29.11.2017 - 6.10 Bürger für Hohenlimburg: Projekt FunWerk
Grunddaten
- TOP:
- Ö 6.10
- Gremium:
- Bezirksvertretung Hohenlimburg
- Datum:
- Mi., 29.11.2017
- Status:
- gemischt (Niederschrift genehmigt)
- Uhrzeit:
- 16:05
- Anlass:
- normale Sitzung
- Beratung:
- öffentlich
- Vorlageart:
- Vorschlag zur Tagesordnung
- Federführend:
- BV - Bezirksvertretung Hohenlimburg
- Bearbeitung:
- Sonja Oschmann
- Beschluss:
- zurückgezogen
Wortprotokoll
Zusammenfassung des Diskussionsergebnisses:
Herr Osthoff berichtet über die positive Entwicklung des Projekts FunWerk, das eine Begegnungsstätte ist sowohl für Menschen mit Fluchthintergrund als auch für Menschen, die schon längere Zeit in Hohenlimburg leben.
In den ehemaligen Räumen der Firma Thyssen-Krupp befinden sich unter anderem ein Indoor-Fußballfeld, Tischtennis-, Billard-, Dart- und Kickerspielmöglichkeiten. Es sind wohnzimmerähnliche Sitzgruppen eingerichtet worden, um gemeinsam Filme zu schauen oder Gesellschaftsspiele zu spielen. Außerdem bietet eine volleingerichtete Küche die Möglichkeit zum gemeinsamen Kochen und Essen.
Jeden Freitag findet im FunWerk ein betreutes Angebot mit Ansprechpartnern vom Werkhof statt.
Ein weiterer Schwerpunkt der Tätigkeiten sind konkrete Maßnahmen; zum Beispiel fand in der Fahrrad- und Metallwerkstatt eine zeitlich begrenzte Flüchtlingsintegrationsmaßnahme statt, die zeitnah wiederholt werden soll, die Bewilligung wurde bereits beantragt. Während dieser Maßnahme werden Deutschkenntnisse vermittelt und handwerkliches Geschick gefördert.

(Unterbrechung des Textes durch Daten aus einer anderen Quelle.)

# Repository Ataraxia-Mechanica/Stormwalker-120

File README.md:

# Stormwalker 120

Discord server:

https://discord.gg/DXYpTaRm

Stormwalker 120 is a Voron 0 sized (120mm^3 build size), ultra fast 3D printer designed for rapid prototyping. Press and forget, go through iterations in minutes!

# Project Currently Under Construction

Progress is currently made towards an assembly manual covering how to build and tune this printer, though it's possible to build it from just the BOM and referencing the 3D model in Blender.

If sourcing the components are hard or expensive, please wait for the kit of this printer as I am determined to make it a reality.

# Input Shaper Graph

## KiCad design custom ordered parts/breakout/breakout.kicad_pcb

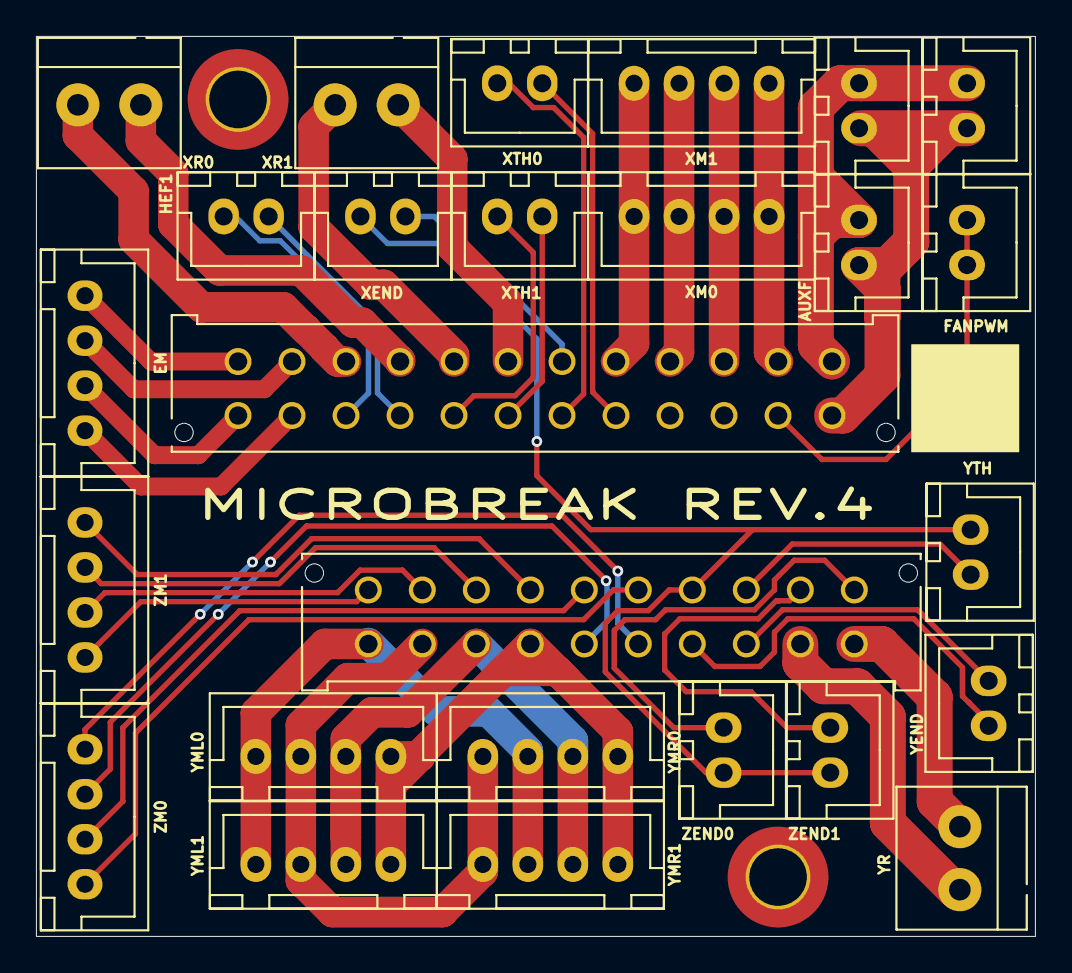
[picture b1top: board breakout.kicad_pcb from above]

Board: 2 copper layers, 55.5 x 50.0 mm, 28 parts (0 on the bottom side), 43 nets.

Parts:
AUXF, AUXF1, AUXF3: Fan; JST_XH_B2B-XH-A_1x02_P2.50mm_Vertical
EM: Conn_01x04_Socket; JST_XH_B4B-XH-A_1x04_P2.50mm_Vertical
FANPWM: Conn_01x02; JST_XH_B2B-XH-A_1x02_P2.50mm_Vertical
H1, H4: MountingHole_Pad; MountingHole_3.2mm_M3_DIN965_Pad_TopBottom
HEF1: Fan; JST_XH_B2B-XH-A_1x02_P2.50mm_Vertical
JX1: Conn_02x12_Top_Bottom; Molex_Micro-Fit_3.0_43045-2412_2x12_P3.00mm_Vertical
JY1: Conn_02x10_Top_Bottom; Molex_Micro-Fit_3.0_43045-2012_2x10_P3.00mm_Vertical
XEND: SW_Push; JST_XH_B2B-XH-A_1x02_P2.50mm_Vertical
XM0, XM1: Conn_01x04_Socket; JST_XH_B4B-XH-A_1x04_P2.50mm_Vertical
XR0, XR1: Heater; TerminalBlock_4Ucon_1x02_P3.50mm_Horizontal
XTH0, XTH1: Thermistor; JST_XH_B2B-XH-A_1x02_P2.50mm_Vertical
YEND: SW_Push; JST_XH_B2B-XH-A_1x02_P2.50mm_Vertical
YML0, YML1: Conn_01x04_Socket; JST_XH_B4B-XH-A_1x04_P2.50mm_Vertical
YMR0, YMR1: Conn_01x04_Socket; JST_XH_B4B-XH-A_1x04_P2.50mm_Vertical
YR: Heater; TerminalBlock_4Ucon_1x02_P3.50mm_Horizontal
YTH: Thermistor; JST_XH_B2B-XH-A_1x02_P2.50mm_Vertical
ZEND0, ZEND1: SW_Push; JST_XH_B2B-XH-A_1x02_P2.50mm_Vertical
ZM0, ZM1: Conn_01x04_Socket; JST_XH_B4B-XH-A_1x04_P2.50mm_Vertical

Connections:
GND: H1.1, H4.1, JX1.21, JX1.22
unnamed: AUXF.1 (+), AUXF1.1 (+), AUXF3.1 (+), JX1.24
unnamed: AUXF.2 (-), AUXF1.2 (-), AUXF3.2 (-), JX1.12
unnamed: EM.1, JX1.14
unnamed: EM.2, JX1.13
unnamed: EM.3, JX1.2
unnamed: EM.4, JX1.1
unnamed: FANPWM.1, FANPWM.2, JX1.23
unnamed: HEF1.1 (+), JX1.15
unnamed: HEF1.2 (-), JX1.16
unnamed: JX1.3, XR0.2
unnamed: JX1.4, XR0.1
unnamed: JX1.5, XR1.2
unnamed: JX1.6, XR1.1
unnamed: JX1.7, XEND.2
unnamed: JX1.8, XM0.1, XM1.1
unnamed: JX1.9, XM0.2, XM1.2
unnamed: JX1.10, XM0.3, XM1.3
unnamed: JX1.11, XM0.4, XM1.4
unnamed: JX1.17, XTH1.1
unnamed: JX1.18, XTH1.2
unnamed: JX1.19, XTH0.1
unnamed: JX1.20, XTH0.2
unnamed: JY1.1, YR.2
unnamed: JY1.2, YR.1
unnamed: JY1.3, YTH.1
unnamed: JY1.4, YTH.2
unnamed: JY1.5, ZM0.4
unnamed: JY1.6, ZM0.3
unnamed: JY1.7, YML0.1, YML1.1, YMR0.1, YMR1.1
unnamed: JY1.8, YML0.2, YML1.2, YMR0.2, YMR1.2
unnamed: JY1.9, YML0.3, YML1.3, YMR0.4, YMR1.4
unnamed: JY1.10, YML0.4, YML1.4, YMR0.3, YMR1.3
unnamed: JY1.11, ZEND0.2
unnamed: JY1.12, ZEND1.2
unnamed: JY1.13, YEND.1
unnamed: JY1.14, XEND.1, YEND.2, ZEND0.1, ZEND1.1
unnamed: JY1.15, ZM0.1
unnamed: JY1.16, ZM0.2
unnamed: JY1.17, ZM1.4
unnamed: JY1.18, ZM1.3
unnamed: JY1.19, ZM1.2
unnamed: JY1.20, ZM1.1

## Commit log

2025-09-26 Stormwalker 1.0 prerelease
2025-09-26 Reinforce extruder idler
    Broke again :(
2025-09-29 Oops, forgot the nozzle
2025-09-29 Ignore more kicad temp files
2025-09-29 Use SMT thermistor on the bed which is more reliable and cheaper
2025-09-29 Dish soap
2025-09-29 Bed wiring update
    Strain Relief and bigger holes on the breakout pcb cover
2025-09-29 Fix Z column geometry
2025-09-30 Add IS graph
2025-09-30 Forgot 4 Screws, literally unbuildable
2025-10-05 Add dust cover for X axis extrusion
2025-10-11 Strengthened the extruder further
    Now handles filled filaments in a heated chamber well
2025-10-15 Switch to PET for some parts for heat resistance
2025-10-15 Tilt the grub screw access hole to the right
2025-10-22 Fix small error in strain relief
2025-10-22 Polymide bed heater
2025-11-02 Complete overhaul
    Many changes are made, using more efficient/rigid components.
2025-11-02 Add discord server

Es sind noch Kapazitäten vorhanden, um die Nutzung des FunWerks intensiver zu gestalten. In den Abendstunden beispielsweise können noch viele weitere Termine vergeben werden, in denen auch Vereine die Räumlichkeiten kostenfrei nutzen können.
Herr Schmidt erkundigt sich, ob ehrenamtliche Mitarbeiter in die Tätigkeiten mit eingebunden werden und ob es noch einen Bedarf an Ehrenamtlichen gibt.
Herr Osthoff bestätigt, dass der Bedarf an Ehrenamtlichen immer gegeben ist.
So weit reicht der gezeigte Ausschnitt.